The first step with regards to such a report is to acknowledge that we have weaknesses. Confess that we have not done our best. Admit that there are things that we still do not understand. Whether the 6 reasons above are true or not true, all church leaders need to be mature enough at least to say: "I am open to criticism and open learning." Even for those churches with a thriving young people group, there is no guarantee that they can avoid all of the six factors above in the future. Let me suggest 6 constructive responses to the six reasons why the young are leaving.

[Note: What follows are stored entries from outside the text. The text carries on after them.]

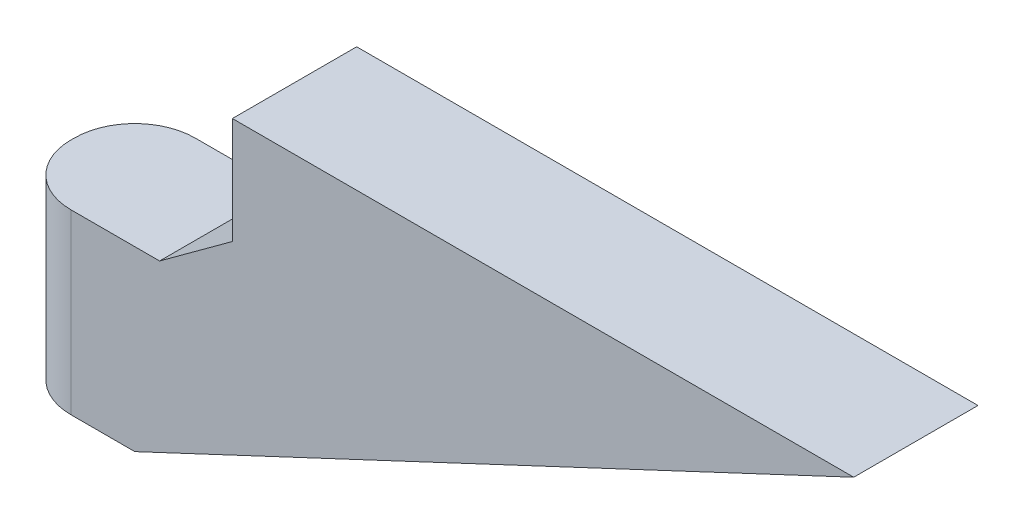
SolidWorks part; units mm, degrees
ref_plane "Front Plane" through (0, 0, 0) normal (0, 0, 1) x (1, 0, 0)
ref_plane "Top Plane" through (0, 0, 0) normal (0, 1, 0) x (1, 0, 0)
ref_plane "Right Plane" through (0, 0, 0) normal (1, 0, 0) x (0, 0, -1)
sketch "Sketch1" plane through (0, 0, 0) normal (0, 0, 1) x (1, 0, 0)
  line L0 (-30.1625, 0.635) -> (-19.4945, 0.635)
  line L1 (30.1625, 12.065) -> (-30.1625, 12.065)
  line L2 (30.1625, 12.065) -> (30.1625, -12.065)
  line L3 (30.1625, -12.065) -> (-30.1625, -12.065)
  line L4 (-30.1625, 12.065) -> (-30.1625, -12.065)
  line L5 (30.1625, 12.065) -> (-30.1625, -12.065) construction
  line L6 (30.1625, -12.065) -> (-30.1625, 12.065) construction
  line L7 (-14.2875, 12.065) -> (-14.2875, 4.445)
  line L8 (-14.2875, 4.445) -> (-19.4945, 0.635)
  line L9 (-14.2875, 4.445) -> (-14.2875, -12.065) construction
  line L10 (-21.2725, -12.065) -> (30.1625, 12.065)
  point P0 (0, 0)
  point P6 (-30.1625, 0.635)
  point P9 (-14.2875, 12.065)
  point P12 (-21.2725, -12.065)
  dimension "D1" = 24.13
  dimension "D2" = 60.325
  dimension "D3" = 12.7
  dimension "D4" = 10.668
  dimension "D5" = 15.875
  dimension "D6" = 8.89
  dimension "D7" = 7.62
extrude "Boss-Extrude1" add sketch "Sketch1" along normal blind 8.89 contours L3 L10 L1 L7 L8 L0 L4
fillet "Fillet1" radius 4.318 2 edges at (-30.1625, -5.715, 0) (-30.1625, -5.715, 8.89)
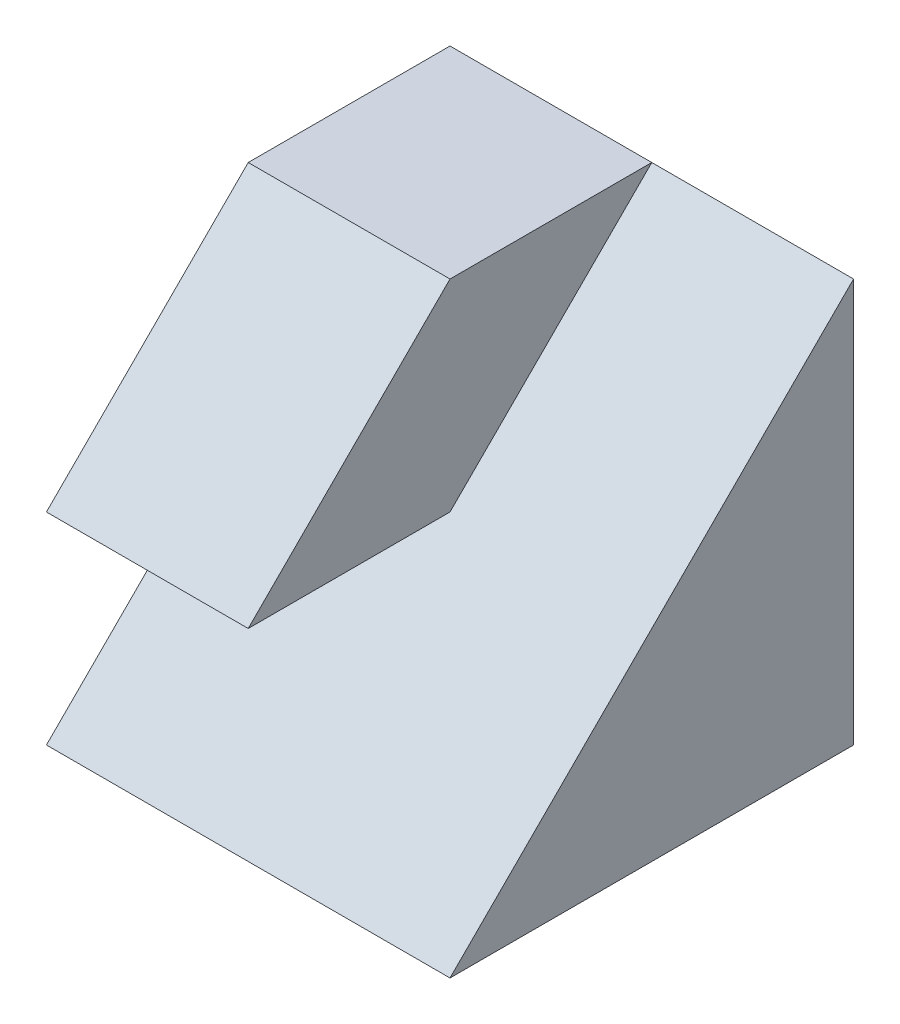
SolidWorks part; units mm, degrees
ref_plane "Front" through (0, 0, 0) normal (0, 0, 1) x (1, 0, 0)
ref_plane "Top" through (0, 0, 0) normal (0, 1, 0) x (1, 0, 0)
ref_plane "Right" through (0, 0, 0) normal (1, 0, 0) x (0, 0, -1)
sketch "Sketch1" plane through (0, 0, 0) normal (0, 1, 0) x (1, 0, 0)
  line L1 (-2, -2) -> (2, -2)
  line L2 (-2, -2) -> (-2, 2)
  line L3 (-2, 2) -> (2, 2)
  line L4 (2, -2) -> (2, 2)
  line L5 (-2, -2) -> (2, 2) construction
  line L6 (-2, 2) -> (2, -2) construction
  point P0 (0, 0)
  dimension "D1" = 4
  dimension "D2" = 4
extrude "Boss-Extrude1" add sketch "Sketch1" along normal blind 4
sketch "Sketch2" plane through (-2, 0, 0) normal (-1, 0, 0) x (0, 0, 1)
  line L0 (2, 0) -> (0, 2)
  line L1 (0, 2) -> (2, 2)
  line L2 (2, 4) -> (2, 0) construction
  line L3 (2, 2) -> (0, 4)
  line L4 (-2, 4) -> (2, 4) construction
  line L5 (0, 4) -> (2, 4)
  line L6 (2, 4) -> (2, 0)
  line M2 (2, 0) -> (2, 4)
  line M3 (2, 4) -> (-2, 4)
extrude "Cut-Extrude1" cut sketch "Sketch2" against normal blind 10 contours L1 L0 M2 | L3 M2 M3
sketch "Sketch3" plane through (2, 0, 0) normal (1, 0, 0) x (0, 0, -1)
  line L0 (-2, 0) -> (2, 4)
  line L1 (2, 4) -> (-2, 4.1166)
  line L2 (-2, 4.1166) -> (-2, 0)
extrude "Cut-Extrude2" cut sketch "Sketch3" against normal blind 2
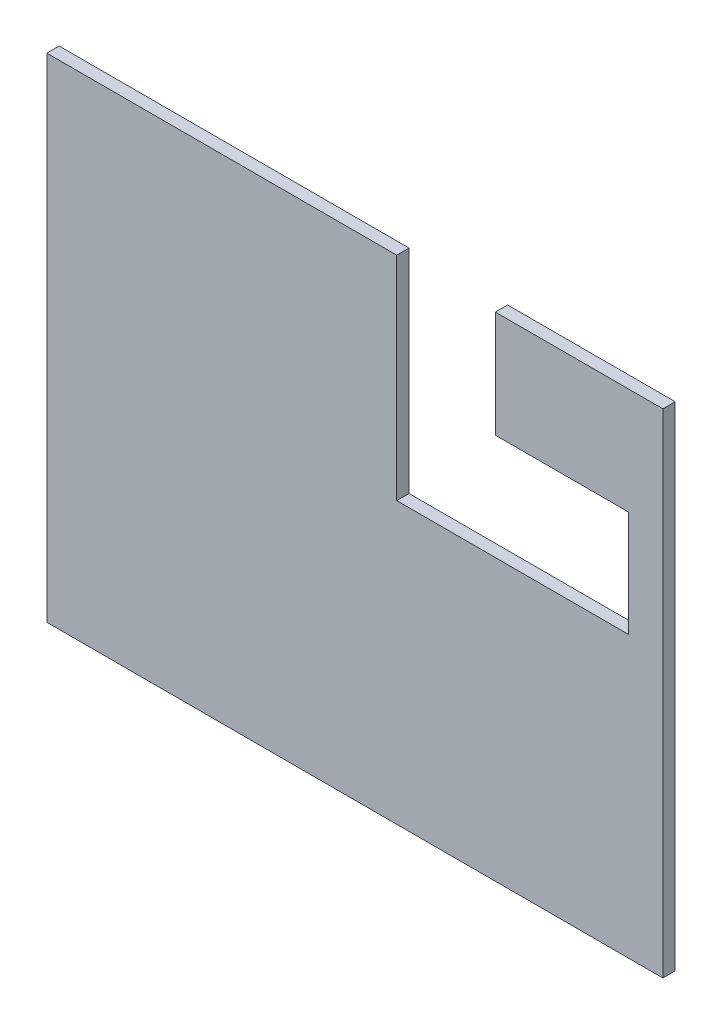
SolidWorks part; units mm, degrees
ref_plane "Alzado" through (0, 0, 0) normal (0, 0, 1) x (1, 0, 0)
ref_plane "Planta" through (0, 0, 0) normal (0, 1, 0) x (1, 0, 0)
ref_plane "Vista lateral" through (0, 0, 0) normal (1, 0, 0) x (0, 0, -1)
sketch "Croquis1" plane through (0, 0, 0) normal (0, 0, 1) x (1, 0, 0)
  line L1 (0, 0) -> (5000, 0)
  line L2 (0, 0) -> (0, 4000)
  line L3 (0, 4000) -> (5000, 4000)
  line L4 (5000, 0) -> (5000, 4000)
  dimension "D1" = 5000
  dimension "D2" = 4000
extrude "Saliente-Extruir1" add sketch "Croquis1" along normal blind 100
sketch "Croquis2" plane through (0, 0, 100) normal (0, 0, 1) x (1, 0, 0)
  line L0 (4720, 3135) -> (4720, 2275)
  line L1 (5000, 0) -> (5000, 4000) construction
  line L2 (4720, 3135) -> (3640, 3135)
  line L3 (3640, 3135) -> (3640, 4000)
  line L4 (5000, 4000) -> (0, 4000) construction
  line L5 (2840, 4000) -> (2840, 2275)
  line L6 (2840, 2275) -> (4720, 2275)
  line L7 (3640, 4000) -> (2840, 4000)
  point P10 (3640, 3567.5)
  dimension "D1" = 280
  dimension "D2" = 865
  dimension "D3" = 800
  dimension "D4" = 1360
  dimension "D5" = 860
extrude "Cortar-Extruir1" cut sketch "Croquis2" against normal blind 100
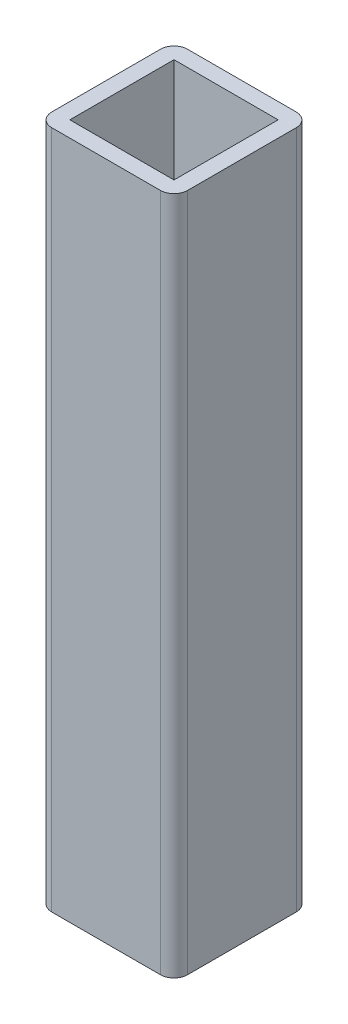
SolidWorks part; units mm, degrees
ref_plane "Front Plane" through (0, 0, 0) normal (0, 0, 1) x (1, 0, 0)
ref_plane "Top Plane" through (0, 0, 0) normal (0, 1, 0) x (1, 0, 0)
ref_plane "Right Plane" through (0, 0, 0) normal (1, 0, 0) x (0, 0, -1)
sketch "Sketch1" plane through (0, 0, 0) normal (0, 1, 0) x (1, 0, 0)
  line L1 (12, 15) -> (-12, 15)
  line L2 (15, 12) -> (15, -12)
  line L3 (12, -15) -> (-12, -15)
  line L4 (-15, 12) -> (-15, -12)
  line L5 (15, 15) -> (-15, -15) construction
  line L6 (15, -15) -> (-15, 15) construction
  line L7 (11.5, 11.5) -> (-11.5, 11.5)
  line L8 (11.5, 11.5) -> (11.5, -11.5)
  line L9 (11.5, -11.5) -> (-11.5, -11.5)
  line L10 (-11.5, 11.5) -> (-11.5, -11.5)
  line L11 (11.5, 11.5) -> (-11.5, -11.5) construction
  line L12 (11.5, -11.5) -> (-11.5, 11.5) construction
  arc A0 (12, 15) -> (15, 12) centre (12, 12) cw
  arc A1 (15, -12) -> (12, -15) centre (12, -12) cw
  arc A2 (-12, -15) -> (-15, -12) centre (-12, -12) cw
  arc A3 (-12, 15) -> (-15, 12) centre (-12, 12) ccw
  point P0 (0, 0)
  point P1 (0, 0)
  dimension "D4" = 3
  dimension "D1" = 30
  dimension "D2" = 30
  dimension "D3" = 23
extrude "Boss-Extrude1" add sketch "Sketch1" along normal blind 150
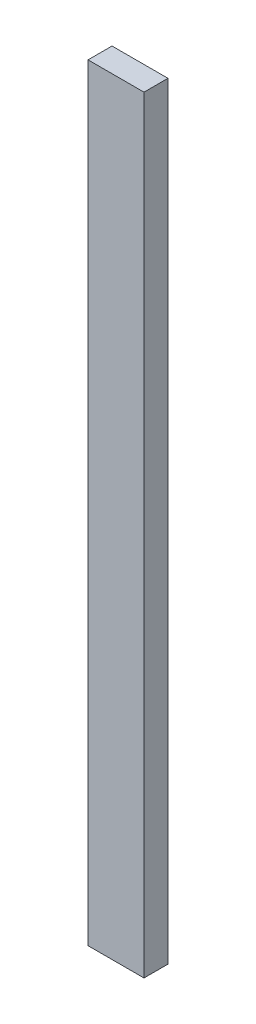
SolidWorks part; units mm, degrees
material "Oak"
ref_plane "Front Plane" through (0, 0, 0) normal (0, 0, 1) x (1, 0, 0)
ref_plane "Top Plane" through (0, 0, 0) normal (0, 1, 0) x (1, 0, 0)
ref_plane "Right Plane" through (0, 0, 0) normal (1, 0, 0) x (0, 0, -1)
sketch "Sketch1" plane through (0, 0, 0) normal (0, 1, 0) x (1, 0, 0)
  line L1 (-44.45, -19.05) -> (44.45, -19.05)
  line L2 (-44.45, -19.05) -> (-44.45, 19.05)
  line L3 (-44.45, 19.05) -> (44.45, 19.05)
  line L4 (44.45, -19.05) -> (44.45, 19.05)
  line L5 (-44.45, -19.05) -> (44.45, 19.05) construction
  line L6 (-44.45, 19.05) -> (44.45, -19.05) construction
  point P0 (0, 0)
  dimension "D1" = 38.1
  dimension "D2" = 88.9
extrude "Boss-Extrude1" add sketch "Sketch1" along normal blind 1219.2 contours L3 L4 L1 L2
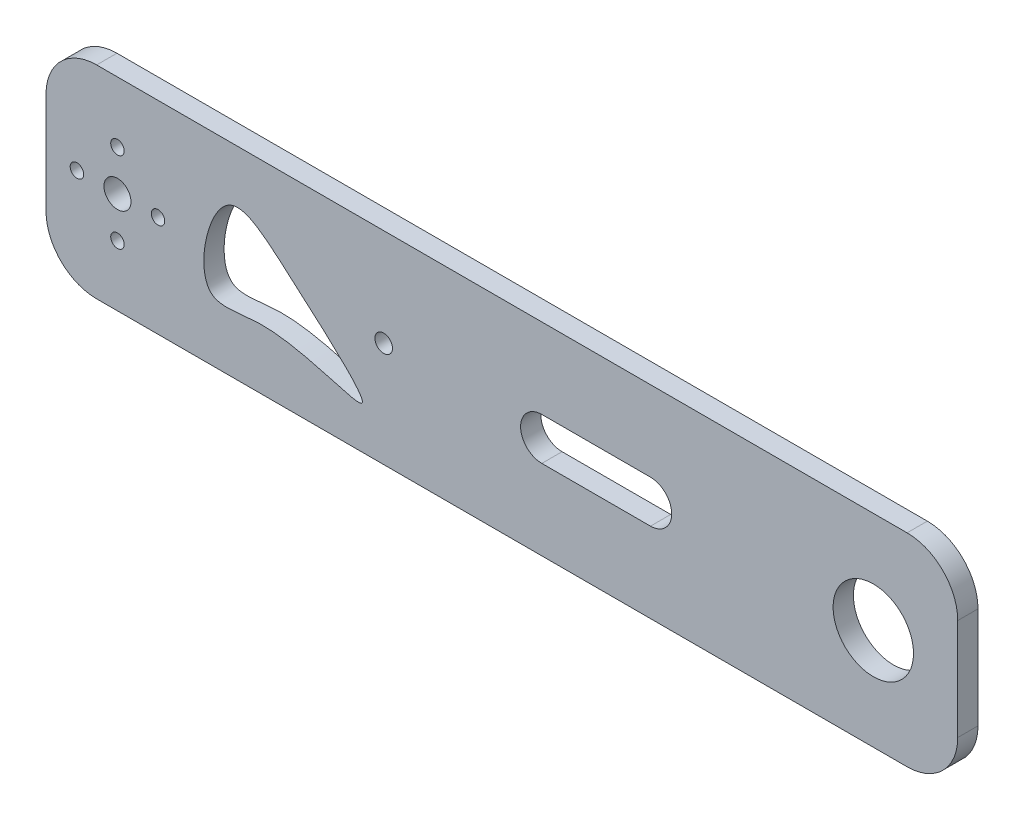
SolidWorks part; units mm, degrees
ref_plane "Front Plane" through (0, 0, 0) normal (0, 0, 1) x (1, 0, 0)
ref_plane "Top Plane" through (0, 0, 0) normal (0, 1, 0) x (1, 0, 0)
ref_plane "Right Plane" through (0, 0, 0) normal (1, 0, 0) x (0, 0, -1)
sketch "Sketch1" plane through (0, 0, 0) normal (0, 0, 1) x (1, 0, 0)
  line L1 (-135, 30) -> (135, 30)
  line L2 (-135, 30) -> (-135, -30)
  line L3 (-135, -30) -> (135, -30)
  line L4 (135, 30) -> (135, -30)
  line L5 (-135, 30) -> (135, -30) construction
  line L6 (-135, -30) -> (135, 30) construction
  point P0 (0, 0)
  dimension "D1" = 270
  dimension "D2" = 60
extrude "Boss-Extrude1" add sketch "Sketch1" along normal mid plane 6
fillet "Fillet1" radius 15 4 edges at (-135, -30, 0) (-135, 30, 0) (135, -30, 0) (135, 30, 0)
sketch "Sketch3" plane through (0, 0, 3) normal (0, 0, 1) x (1, 0, 0)
  line L0 (-133.9593, 0) -> (-95.7585, 0) construction
  line L1 (-113.8353, -15.4334) -> (-113.8353, 22.0078) construction
  circle A0 centre (-113.8353, 0) radius 4
  circle A1 centre (-113.8353, 12) radius 2
  circle A2 centre (-113.8353, -12) radius 2
  circle A3 centre (-101.8353, 0) radius 2
  circle A4 centre (-125.8353, 0) radius 2
  dimension "D1" = 8
  dimension "D2" = 4
  dimension "D4" = 4
  dimension "D3" = 12
  dimension "D5" = 12
extrude "Cut-Extrude1" cut sketch "Sketch3" against normal blind 8
sketch "Sketch4" plane through (0, 0, 3) normal (0, 0, 1) x (1, 0, 0)
  line L0 (-60.7147, 26.838) -> (-9.2853, -24.5914) construction
  line L1 (120, 30) -> (-120, 30) construction
  line L2 (-135, 15) -> (-135, -15) construction
  circle A2 centre (-35, 1.1233) radius 2.6
  circle A3 centre (110, 0) radius 11.9
  dimension "D5" = 5.2
  dimension "D8" = 23.8
  dimension "D4" = 45
  dimension "D7" = 100
  dimension "D9" = 145
extrude "Cut-Extrude2" cut sketch "Sketch4" against normal blind 10
sketch "Sketch5" plane through (0, 0, 3) normal (0, 0, 1) x (1, 0, 0)
  line L0 (11.8296, 0) -> (44.01, 0) construction
  line L1 (11.8296, 6.2805) -> (44.01, 6.2805)
  line L2 (11.8296, -6.2805) -> (44.01, -6.2805)
  arc A0 (11.8296, 6.2805) -> (11.8296, -6.2805) centre (11.8296, 0) ccw
  arc A1 (44.01, -6.2805) -> (44.01, 6.2805) centre (44.01, 0) ccw
  spline S0 degree 3 poles (-65.9298, -8.6177) (-93.1438, -17.1524) (-84.2294, 23.0927) (-60.5625, 2.3907) (-27.0991, -26.623) (-65.9298, -8.6177) (-93.1438, -17.1524) (-84.2294, 23.0927) knots -0.632864 -0.370043 -0.119399 0 0.211869 0.367136 0.629957 0.880601 1 1.211869 1.367136 1.629957 only from (-86.0182, -11.6053) to (-86.0182, -11.6053)
  point P3 (27.9198, 0)
extrude "Cut-Extrude3" cut sketch "Sketch5" against normal blind 10

#1 - Letting Go: Let adult members of the Church learn to let go of their own insecurities. That feeling of 'the kids not knowing what is best for them' has to go. We need to trust them, and to let them know that we trust them. Perhaps, the best way is simply to go up to them, and affirm them. Let them know that no matter what, we will be with them. Isn't letting go an act of love too? Love is not locking our kids up in a cage, so that they can be safe from the world. It is opening the doors, letting them fly out and experience the world. When the time is right, love will see them flying back home, in greater and fuller appreciation that love frees.

#2 - Growing Deep: This applies to all of us. I think there is a strong link between adult behaviour and the young observer. If the adults themselves are not growing and effectively relating their faith in the world, chances are, the young will copy and follow suit. If we want the young people to grow deeper amid the perception of shallowness in the Church, the adults have a responsibility to show the way.

#3 - Truth-Seeking: Whether it is science, philosophy, art, or theology, the whole Church needs to seek truth. There is truth in many things. Unfortunately, the world is littered with half-truths, half-perceptions, and half-done works of service. Truth needs to be whole. Supplement young people's perceptions by offering platforms for open discussions. Have friendly debates. Organize group dynamics sessions where apologetics can be practiced.

#4 - Open: There is no need to try to force other people into our own molds. It is stifling for anyone, not just young people. If there is a left, there is also a right. If there is an up, there is also a down. Sometimes, there is a middle position which recognizes the best and worst of both. Whatever it is, an environment of openness allows truth to be spoken in love.

#5 - Exclusive Claims: The key word is again 'truth.' Recognize that all religions are exclusive in their own ways. Even atheists and agnostics have their own brand of exclusivity. In this sense, Christianity is no different in terms of their truth claims. Those who trumpet pluralism and total tolerance have 'pluralism' and 'total tolerance' as their exclusive philosophy as well. In other words, everyone else is doing it. Why single out the Church?

#6 - Forgiving Climate: This is something that I am often troubled about. Are we breeding church environments where people are expected to be nice, politically correct, and permitted to do anything except those that ruffle up feathers? If all members of the church practise their attitude of openness and forgiveness, the young will see that it is ok to open up and share their doubts. In this manner, I believe that there is a kind of unhealthy unquestioning faith that leads to unhealthy doubt. There is also a kind of healthy doubt that leads to healthy faith.

There is hope. Let me close with Paul's encouragement to young Timothy. 
"For God did not give us a spirit of timidity, but a spirit of power, of love and of self-discipline." (2 Tim 1:7)
May we all learn to grow to trust in the power of the Holy Spirit, fellowshiping in the love of God, and continuing on like Jesus, on the path of self-discipline. So do not be afraid of the young leaving the church. If we maintain and renovate our physical and spiritual houses, keeping them in order, whether they are nomads, prodigals, or the exiles, the young will definitely WANT to come back home. I believe.